🤖 AI Summary
To address domain gaps and geometric ambiguities in high-fidelity 3D geometry reconstruction from a single RGB image, this paper proposes a three-stage framework bridging via surface normal maps. First, a noise-decoupled dual-stream CNN enables robust RGB-to-normal estimation. Second, a normal-guided latent diffusion model generates regularized, globally consistent normal fields. Third, an end-to-end differentiable rendering pipeline—trained on synthetic data—refines geometry via gradient-based optimization. Crucially, this work pioneers the use of normal maps as a stable, geometrically unambiguous intermediate representation, effectively mitigating fine-detail loss induced by RGB ambiguity.
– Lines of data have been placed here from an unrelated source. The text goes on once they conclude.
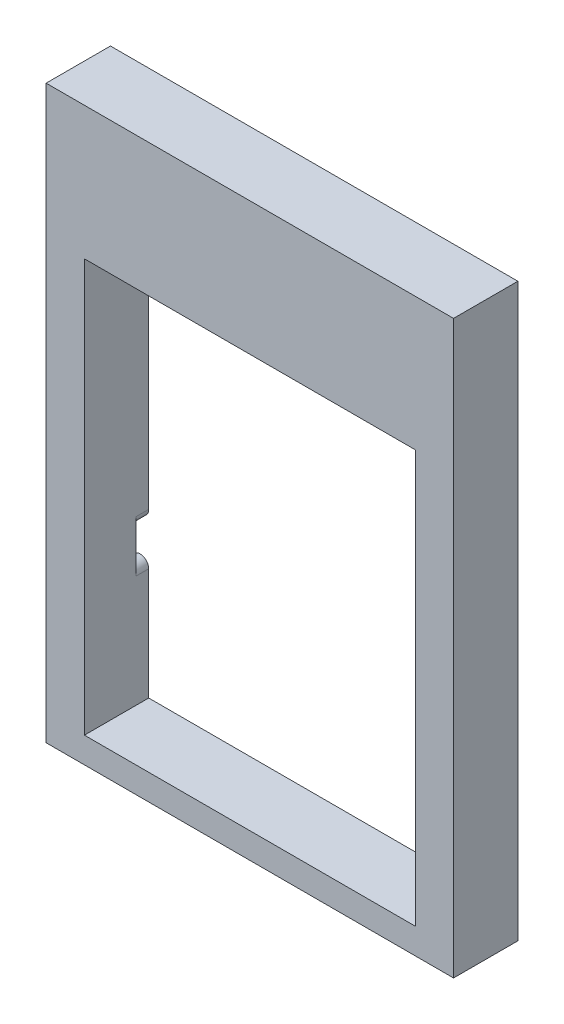
from build123d import *

# Parameters (mm, degrees)
MODEL_W             = 77.14935
MODEL_H             = 96.19946
EXTRUDE_1_DEPTH     = 15
CUT_EXTRUDE_1_DEPTH = 3


with BuildPart() as part:
    # Model → 凸台-拉伸1 (new body)
    with BuildSketch(Plane.XY):
        Polygon((187.809527429, 124.984602236), (93.660177429, 124.984602236), (93.234852429, 124.984602236), (93.234852429, -8.214857764), (96.160177429, -8.214857764), (185.309527429, -8.214857764), (188.234852429, -8.214857764), (188.234852429, 124.984602236), align=None)
        with Locations((140.734852429, 45.884872236)):
            Rectangle(MODEL_W, MODEL_H, mode=Mode.SUBTRACT)
    extrude(amount=EXTRUDE_1_DEPTH)

    # 草图1 → 切除-拉伸1 (cut)
    with BuildSketch(Plane(origin=(0, 0, 0), x_dir=(-1, 0, 0), z_dir=(0, 0, -1))):
        with BuildLine():
            Line((-185.309527429, 97.384872236), (-185.309527429, 79.384872236))
            ThreePointArc((-185.309527429, 79.384872236), (-184.309527429, 78.384872236), (-183.309527429, 79.384872236))
            Line((-183.309527429, 79.384872236), (-183.309527429, 82.384872236))
            ThreePointArc((-183.309527429, 82.384872236), (-181.309527429, 84.384872236), (-179.309527429, 82.384872236))
            Line((-179.309527429, 82.384872236), (-179.309527429, 35.884872236))
            ThreePointArc((-179.309527429, 35.884872236), (-181.309527429, 33.884872236), (-183.309527429, 35.884872236))
            Line((-183.309527429, 35.884872236), (-183.309527429, 38.884872236))
            ThreePointArc((-183.309527429, 38.884872236), (-184.309527429, 39.884872236), (-185.309527429, 38.884872236))
            Line((-185.309527429, 38.884872236), (-185.309527429, 20.884872236))
            ThreePointArc((-185.309527429, 20.884872236), (-184.309527429, 19.884872236), (-183.309527429, 20.884872236))
            Line((-183.309527429, 20.884872236), (-183.309527429, 23.884872236))
            ThreePointArc((-183.309527429, 23.884872236), (-181.309527429, 25.884872236), (-179.309527429, 23.884872236))
            Line((-179.309527429, 23.884872236), (-179.309527429, -1.999889741))
            Line((-179.309527429, -1.999889741), (-102.160177429, -1.999889741))
            Line((-102.160177429, -1.999889741), (-102.160177429, 23.884872236))
            ThreePointArc((-102.160177429, 23.884872236), (-100.160177429, 25.884872236), (-98.160177429, 23.884872236))
            Line((-98.160177429, 23.884872236), (-98.160177429, 20.884872236))
            ThreePointArc((-98.160177429, 20.884872236), (-97.160177429, 19.884872236), (-96.160177429, 20.884872236))
            Line((-96.160177429, 20.884872236), (-96.160177429, 38.884872236))
            ThreePointArc((-96.160177429, 38.884872236), (-97.160177429, 39.884872236), (-98.160177429, 38.884872236))
            Line((-98.160177429, 38.884872236), (-98.160177429, 35.884872236))
            ThreePointArc((-98.160177429, 35.884872236), (-100.160177429, 33.884872236), (-102.160177429, 35.884872236))
            Line((-102.160177429, 35.884872236), (-102.160177429, 82.384872236))
            ThreePointArc((-102.160177429, 82.384872236), (-100.160177429, 84.384872236), (-98.160177429, 82.384872236))
            Line((-98.160177429, 82.384872236), (-98.160177429, 79.384872236))
            ThreePointArc((-98.160177429, 79.384872236), (-97.160177429, 78.384872236), (-96.160177429, 79.384872236))
            Line((-96.160177429, 79.384872236), (-96.160177429, 97.384872236))
            ThreePointArc((-96.160177429, 97.384872236), (-97.160177429, 98.384872236), (-98.160177429, 97.384872236))
            Line((-98.160177429, 97.384872236), (-98.160177429, 94.384872236))
            ThreePointArc((-98.160177429, 94.384872236), (-100.160177429, 92.384872236), (-102.160177429, 94.384872236))
            Line((-102.160177429, 94.384872236), (-102.160177429, 118.984602236))
            Line((-102.160177429, 118.984602236), (-179.309527429, 118.984602236))
            Line((-179.309527429, 118.984602236), (-179.309527429, 94.384872236))
            ThreePointArc((-179.309527429, 94.384872236), (-181.309527429, 92.384872236), (-183.309527429, 94.384872236))
            Line((-183.309527429, 94.384872236), (-183.309527429, 97.384872236))
            ThreePointArc((-183.309527429, 97.384872236), (-184.309527429, 98.384872236), (-185.309527429, 97.384872236))
        make_face()
    extrude(amount=-CUT_EXTRUDE_1_DEPTH, mode=Mode.SUBTRACT)


solid = part.part
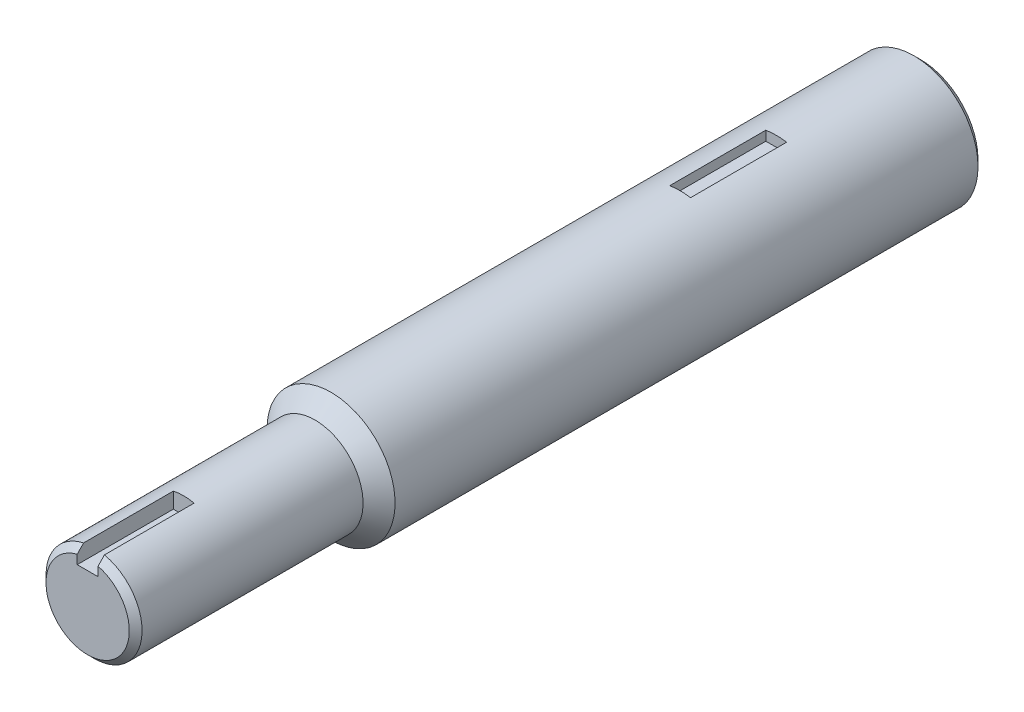
from build123d import *

# Parameters (mm, degrees)
CHAMFER1_SIZE      = 1
SKETCH3_W          = 3.25
SKETCH3_H          = 3.25
CUT_EXTRUDE2_DEPTH = 15
SKETCH4_W          = 3.25
SKETCH4_H          = 3.25
CUT_EXTRUDE3_DEPTH = 15
CHAMFER2_SIZE      = 3


with BuildPart() as part:
    # Sketch1 → Revolve1 (revolve)
    with BuildSketch(Plane(origin=(0, 0, 0), x_dir=(1, 0, 0), z_dir=(0, 1, 0)), mode=Mode.PRIVATE) as revolve1_sk:
        Polygon((10, 35), (7.5, 35), (7.5, 0), (0, 0), (0, 130), (10, 130), align=None)
    revolve(revolve1_sk.sketch.rotate(Axis((0, 0, -130), (0, 0, 1)), 180), axis=Axis((0, 0, -130), (0, 0, 1)))

    # Chamfer1
    chamfer1_edges = [part.edges().sort_by_distance(p)[0] for p in [
        (7.5, 0, 0),
        (10, 0, -130),
    ]]
    chamfer(chamfer1_edges, length=CHAMFER1_SIZE)

    # Sketch3 → Cut-Extrude2 (cut)
    with BuildSketch(Plane(origin=(0, 0, -107.5), x_dir=(-1, 0, 0), z_dir=(0, 0, -1))):
        with Locations((0, 10)):
            Rectangle(SKETCH3_W, SKETCH3_H)
    extrude(amount=-CUT_EXTRUDE2_DEPTH, mode=Mode.SUBTRACT)

    # Sketch4 → Cut-Extrude3 (cut)
    with BuildSketch(Plane.XY):
        with Locations((0, 6.5)):
            Rectangle(SKETCH4_W, SKETCH4_H)
    extrude(amount=-CUT_EXTRUDE3_DEPTH, mode=Mode.SUBTRACT)

    # Chamfer2
    # the kernel refuses this chamfer: 3 mm, written as the material it takes off along each edge
    with BuildSketch(Plane(origin=(0, 0, -35), x_dir=(-1, 0, 0), z_dir=(0, 1, 0))) as chamfer2_piece_1_section:
        Polygon((10 - CHAMFER2_SIZE, 0), (10, -CHAMFER2_SIZE), (10, 0), align=None)
    chamfer2_piece_1 = revolve(axis=Axis((0, 0, -35), (0, 0, 1)), mode=Mode.PRIVATE)
    chamfer2_piece_1 = chamfer2_piece_1 - Plane(origin=(0, 0, -36.746638668), x_dir=(-1, 0, 0), z_dir=(0, 0, 1)) * Cylinder(7.5, 41, mode=Mode.PRIVATE)
    add(chamfer2_piece_1, mode=Mode.SUBTRACT)


solid = part.part

Extensive evaluations demonstrate significant improvements in fine-grained geometry reconstruction across multiple benchmarks, particularly excelling in recovering intricate carving textures, thin-walled structures, and subtle concave–convex details—surpassing state-of-the-art methods.
📝 Abstract
With the growing demand for high-fidelity 3D models from 2D images, existing methods still face significant challenges in accurately reproducing fine-grained geometric details due to limitations in domain gaps and inherent ambiguities in RGB images. To address these issues, we propose Hi3DGen, a novel framework for generating high-fidelity 3D geometry from images via normal bridging. Hi3DGen consists of three key components: (1) an image-to-normal estimator that decouples the low-high frequency image pattern with noise injection and dual-stream training to achieve generalizable, stable, and sharp estimation; (2) a normal-to-geometry learning approach that uses normal-regularized latent diffusion learning to enhance 3D geometry generation fidelity; and (3) a 3D data synthesis pipeline that constructs a high-quality dataset to support training. Extensive experiments demonstrate the effectiveness and superiority of our framework in generating rich geometric details, outperforming state-of-the-art methods in terms of fidelity. Our work provides a new direction for high-fidelity 3D geometry generation from images by leveraging normal maps as an intermediate representation.